Today the US central bank is again raising interest rates, and the jump in credit costs is hitting the finances of low-income families, forcing them into arrears or to default on their loans.

But the situation is very different to 2008 and even the years leading up to it. Car loans are an important component of the credit market, but are still dwarfed by home loans. As such, it is unlikely that dodgy car-loan books will see the big lenders getting themselves in such deep trouble.

The lenders, and especially the big banks, have much bigger reserves, giving them deeper pockets when the times comes to cover their losses.

The regulators are also alive to a problem they blatantly ignored ahead of the last crash.

Last November, the New York Federal Reserve bank warned that arrears in the sub-prime car-loan sector were a “significant concern”. The Bank of England has also voiced concern about rising household debts levels and last week promised a review of banks’ lending standards.

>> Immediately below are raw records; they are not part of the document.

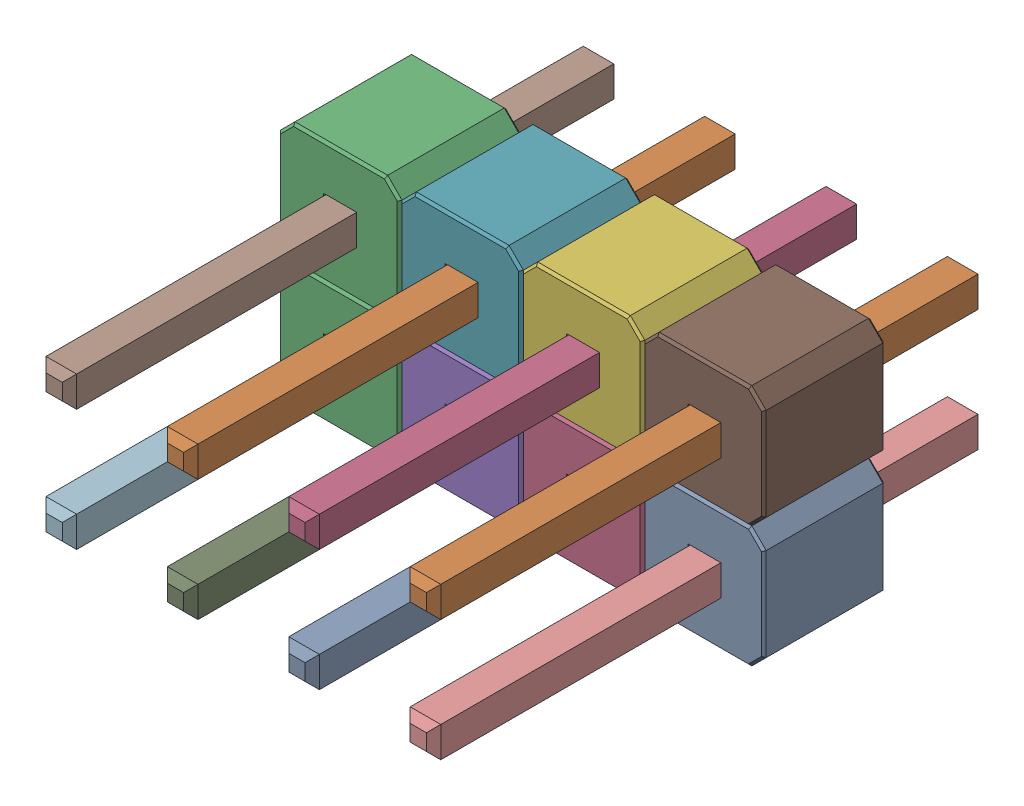
SolidWorks assembly PLD-8, configuration Default. Lengths in mm.
Overall size (10.16 5.08 11.54).
16 component instances, 2 part files, 0 mates.
Components (placement in the parent):
- _______________________-1: _______________________ [Default] at (-2.54 0 -3) size (0.64 0.64 11.54)
- _______________________-2: _______________________ [Default] at (-5.08 2.54 -3) size (0.64 0.64 11.54)
- _________-1: _________ [Default] at (-7.6724 2.5342 -0.0112) size (2.54 2.54 2.54)
- _______________________-3: _______________________ [Default] at (-2.54 2.54 -3) size (0.64 0.64 11.54)
- _________-2: _________ [Default] at (-5.1324 -0.0058 -0.0112) size (2.54 2.54 2.54)
- _________-3: _________ [Default] at (-2.5924 2.5342 -0.0112) size (2.54 2.54 2.54)
- _________-4: _________ [Default] at (-5.1324 2.5342 -0.0112) size (2.54 2.54 2.54)
- _______________________-4: _______________________ [Default] at (-7.62 2.54 -3) size (0.64 0.64 11.54)
- _______________________-5: _______________________ [Default] at (-5.08 0 -3) size (0.64 0.64 11.54)
- _______________________-6: _______________________ [Default] at (0 0 -3) size (0.64 0.64 11.54)
- _________-5: _________ [Default] at (-0.0524 2.5342 -0.0112) size (2.54 2.54 2.54)
- _______________________-7: _______________________ [Default] at (-7.62 0 -3) size (0.64 0.64 11.54)
- _________-6: _________ [Default] at (-0.0524 -0.0058 -0.0112) size (2.54 2.54 2.54)
- _______________________-8: _______________________ [Default] at (0 2.54 -3) size (0.64 0.64 11.54)
- _________-7: _________ [Default] at (-7.6724 -0.0058 -0.0112) size (2.54 2.54 2.54)
- _________-8: _________ [Default] at (-2.5924 -0.0058 -0.0112) size (2.54 2.54 2.54)

It is likely that the cause of the next crash will come from a dark corner of the financial services industry that regulators believe is insignificant until it whacks them on the nose. But, at least for now, they are not the complacent animals of yesteryear and will snap at the big financial firms to keep their practices in order.

Another detail from 2008 that is absent in 2017 is the role of credit agencies, which ranked the worst sub-prime loans as triple-A in 2005 and 2006. These days the regulators have more realistic data to hand.

There are also quirks in the official figures that give a false picture of consumers’ financial position. For instance, the official figures show a collapse in the savings rate is to a significant degree the result of pension funds switching funds out of risky assets and into safer ones following the Brexit vote.

This depresses the incomes of pensioners’ funds and drags down the savings rate, but is a technical issue and doesn’t indicate that pensioners are on a spree, suddenly spending all their savings.

Nonetheless, the regulators need to remain vigilant. Even low rates of default can ripple through the financial system. And should a crash be avoided in the UK, it could still happen in the US, where a Donald Trump inspired credit boom is predicted by many – with an accompanying hangover.